Max Planck Institute for Intelligent Systems, Cyber Valley, 72076, Tübingen, Germany.
Bosch Industry on Campus Lab, University of Tübingen, Tübingen, Germany.
Sci Rep. 2022 May 30;12(1):8992. doi: 10.1038/s41598-022-12730-3.
Community detection and hierarchy extraction are usually thought of as separate inference tasks on networks. Considering only one of the two when studying real-world data can be an oversimplification. In this work, we present a generative model based on an interplay between community and hierarchical structures. It assumes that each node has a preference in the interaction mechanism and nodes with the same preference are more likely to interact, while heterogeneous interactions are still allowed. The sparsity of the network is exploited for implementing a more efficient algorithm. We demonstrate our method on synthetic and real-world data and compare performance with two standard approaches for community detection and ranking extraction. We find that the algorithm accurately retrieves the overall node's preference in different scenarios, and we show that it can distinguish small subsets of nodes that behave differently than the majority. As a consequence, the model can recognize whether a network has an overall preferred interaction mechanism. This is relevant in situations where there is no clear "a priori" information about what structure explains the observed network datasets well. Our model allows practitioners to learn this automatically from the data.
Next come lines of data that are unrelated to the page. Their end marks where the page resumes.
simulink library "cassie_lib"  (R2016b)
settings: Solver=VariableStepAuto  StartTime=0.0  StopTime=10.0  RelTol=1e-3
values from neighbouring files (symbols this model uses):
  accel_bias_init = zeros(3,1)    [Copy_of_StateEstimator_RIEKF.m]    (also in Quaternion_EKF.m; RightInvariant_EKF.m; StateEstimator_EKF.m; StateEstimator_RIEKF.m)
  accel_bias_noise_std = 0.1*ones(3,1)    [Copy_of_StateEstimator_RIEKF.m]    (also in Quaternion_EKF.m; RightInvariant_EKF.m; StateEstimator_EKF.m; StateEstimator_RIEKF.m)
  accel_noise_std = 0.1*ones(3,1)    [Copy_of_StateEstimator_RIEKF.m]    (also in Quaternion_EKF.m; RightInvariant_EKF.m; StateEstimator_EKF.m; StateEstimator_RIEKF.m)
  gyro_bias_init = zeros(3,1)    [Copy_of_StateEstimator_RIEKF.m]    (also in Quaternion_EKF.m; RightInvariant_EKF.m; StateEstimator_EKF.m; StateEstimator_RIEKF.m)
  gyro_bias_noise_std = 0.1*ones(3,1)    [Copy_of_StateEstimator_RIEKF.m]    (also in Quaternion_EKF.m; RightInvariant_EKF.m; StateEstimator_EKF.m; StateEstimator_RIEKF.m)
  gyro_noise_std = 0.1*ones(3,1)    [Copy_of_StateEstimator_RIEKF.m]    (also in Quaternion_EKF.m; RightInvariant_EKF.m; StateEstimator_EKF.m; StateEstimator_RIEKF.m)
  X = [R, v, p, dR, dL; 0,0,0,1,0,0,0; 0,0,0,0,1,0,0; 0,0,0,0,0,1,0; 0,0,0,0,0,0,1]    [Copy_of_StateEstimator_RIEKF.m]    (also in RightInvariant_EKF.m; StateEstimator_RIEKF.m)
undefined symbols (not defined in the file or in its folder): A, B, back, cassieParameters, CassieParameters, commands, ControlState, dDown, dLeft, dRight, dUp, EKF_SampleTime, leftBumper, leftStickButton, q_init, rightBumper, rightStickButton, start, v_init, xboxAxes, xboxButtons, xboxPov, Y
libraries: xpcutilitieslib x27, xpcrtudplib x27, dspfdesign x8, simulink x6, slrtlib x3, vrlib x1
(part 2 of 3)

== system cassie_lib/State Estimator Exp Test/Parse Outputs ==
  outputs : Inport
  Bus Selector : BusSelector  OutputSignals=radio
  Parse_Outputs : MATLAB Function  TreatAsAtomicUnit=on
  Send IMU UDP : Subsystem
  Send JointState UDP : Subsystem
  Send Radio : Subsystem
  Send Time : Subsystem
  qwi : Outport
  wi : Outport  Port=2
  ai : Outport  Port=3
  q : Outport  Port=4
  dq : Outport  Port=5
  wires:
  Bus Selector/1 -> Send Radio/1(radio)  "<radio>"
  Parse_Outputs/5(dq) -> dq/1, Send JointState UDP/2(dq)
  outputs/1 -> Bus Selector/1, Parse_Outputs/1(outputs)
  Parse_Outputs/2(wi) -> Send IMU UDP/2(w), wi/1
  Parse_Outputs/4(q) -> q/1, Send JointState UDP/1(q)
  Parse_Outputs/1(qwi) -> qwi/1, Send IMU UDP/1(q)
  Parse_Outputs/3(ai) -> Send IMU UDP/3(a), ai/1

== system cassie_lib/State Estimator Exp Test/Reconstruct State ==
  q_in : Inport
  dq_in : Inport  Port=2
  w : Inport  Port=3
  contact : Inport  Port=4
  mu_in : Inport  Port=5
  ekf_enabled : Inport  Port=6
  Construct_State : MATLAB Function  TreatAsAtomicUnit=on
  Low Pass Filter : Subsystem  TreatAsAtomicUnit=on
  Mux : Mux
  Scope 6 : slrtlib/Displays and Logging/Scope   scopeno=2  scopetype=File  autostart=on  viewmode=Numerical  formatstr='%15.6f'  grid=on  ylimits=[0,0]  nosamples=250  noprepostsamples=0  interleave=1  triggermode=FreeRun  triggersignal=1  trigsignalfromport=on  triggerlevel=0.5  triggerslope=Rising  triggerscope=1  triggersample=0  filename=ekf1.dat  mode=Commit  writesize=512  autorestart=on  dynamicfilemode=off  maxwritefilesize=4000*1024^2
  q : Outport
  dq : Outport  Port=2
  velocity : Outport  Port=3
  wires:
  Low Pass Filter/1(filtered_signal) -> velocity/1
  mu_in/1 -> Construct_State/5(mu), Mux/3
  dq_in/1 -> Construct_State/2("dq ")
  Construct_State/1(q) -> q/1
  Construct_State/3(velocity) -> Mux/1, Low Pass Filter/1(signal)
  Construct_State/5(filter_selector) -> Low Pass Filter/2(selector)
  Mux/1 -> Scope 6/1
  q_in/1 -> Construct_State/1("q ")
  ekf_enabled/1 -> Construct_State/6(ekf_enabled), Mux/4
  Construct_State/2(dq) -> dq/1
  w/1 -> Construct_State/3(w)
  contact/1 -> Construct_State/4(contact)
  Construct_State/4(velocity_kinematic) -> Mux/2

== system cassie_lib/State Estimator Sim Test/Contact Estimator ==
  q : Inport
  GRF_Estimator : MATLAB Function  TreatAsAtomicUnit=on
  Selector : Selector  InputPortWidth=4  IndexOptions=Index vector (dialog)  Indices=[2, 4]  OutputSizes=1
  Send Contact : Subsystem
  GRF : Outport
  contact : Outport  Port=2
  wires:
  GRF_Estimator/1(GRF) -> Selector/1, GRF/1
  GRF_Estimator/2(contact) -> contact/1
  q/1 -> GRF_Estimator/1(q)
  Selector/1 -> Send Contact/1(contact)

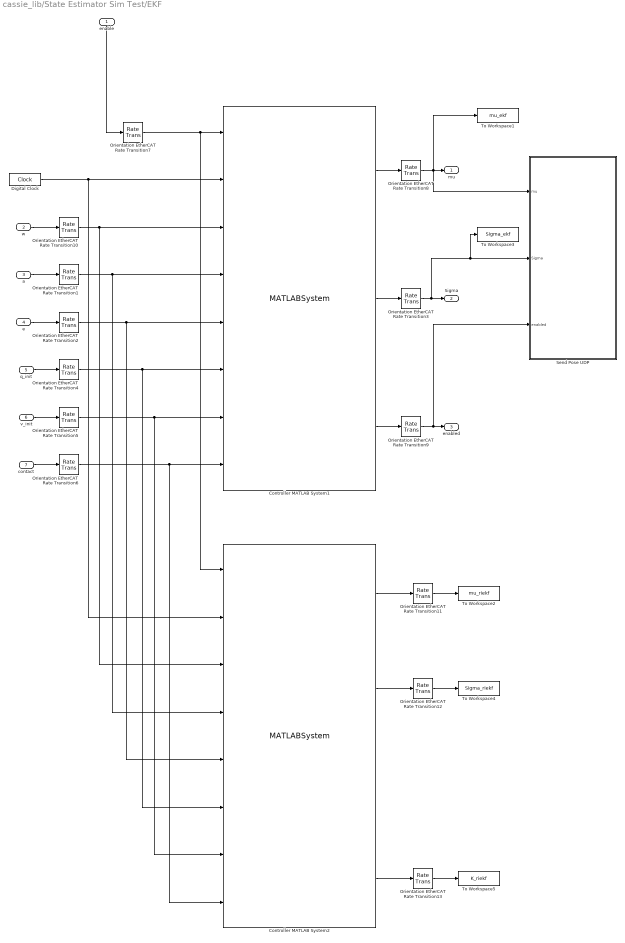
== system cassie_lib/State Estimator Sim Test/EKF ==
  enable : Inport
  w : Inport  Port=2
  a : Inport  Port=3
  e : Inport  Port=4
  q_init : Inport  Port=5
  v_init : Inport  Port=6
  contact : Inport  Port=7
  Controller MATLAB System1 : MATLABSystem  System=StateEstimator_EKF  static_bias_initialization=true  ekf_update_enabled=true  dt=EKF_SampleTime  enable_bias_estimation=enable_bias_estimation  gyro_noise_std=gyro_noise_std  gyro_bias_noise_std=gyro_bias_noise_std  accel_noise_std=accel_noise_std  accel_bias_noise_std=accel_bias_noise_std  contact_noise_std=contact_noise_std  encoder_noise_std=encoder_noise_std  gyro_bias_init=[0;0;0]  accel_bias_init=[0;0;0]  SimulateUsing=Interpreted execution
      mask Type: StateEstimator_EKF
      mask Display:
      | disp('StateEstimator_EKF');
      | port_label('input',1,'EnableFilter');
      | port_label('input',2,'t');
      | port_label('input',3,'w');
      | port_label('input',4,'a');
      | port_label('input',5,'e');
      | port_label('input',6,'q_init');
      | port_label('input',7,'v_init');
      | port_label('input',8,'contact');
      | port_label('output',1,'mu');
      | port_label('output',2,'Sigma');
      | port_label('output',3,'enabled');
  Controller MATLAB System2 : MATLABSystem  System=StateEstimator_RIEKF  static_bias_initialization=true  ekf_update_enabled=true  dt=EKF_SampleTime  enable_bias_estimation=enable_bias_estimation  gyro_noise_std=gyro_noise_std  gyro_bias_noise_std=gyro_bias_noise_std  accel_noise_std=accel_noise_std  accel_bias_noise_std=accel_bias_noise_std  contact_noise_std=contact_noise_std  encoder_noise_std=encoder_noise_std  gyro_bias_init=[0;0;0]  accel_bias_init=[0;0;0]  SimulateUsing=Code generation
      mask Type: StateEstimator_RIEKF
      mask Display:
      | disp('StateEstimator_RIEKF');
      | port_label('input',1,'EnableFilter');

社区发现和层次结构提取通常被认为是网络上的两个独立推断任务。在研究实际数据时只考虑其中之一可能过于简单化。在这项工作中,我们提出了一种基于社区和层次结构相互作用的生成模型。它假设每个节点在交互机制中有偏好,具有相同偏好的节点更有可能相互作用,而仍然允许异质相互作用。利用网络的稀疏性来实现更有效的算法。我们在合成和真实世界数据上展示了我们的方法,并将性能与两种用于社区检测和排名提取的标准方法进行了比较。我们发现该算法在不同场景下能够准确地获取节点的总体偏好,并且我们表明它可以区分与大多数节点行为不同的一小部分节点。因此,该模型可以识别网络是否具有整体首选交互机制。在没有关于哪种结构可以很好地解释观察到的网络数据集的明确“先验”信息的情况下,这一点很重要。我们的模型允许从业者从数据中自动学习。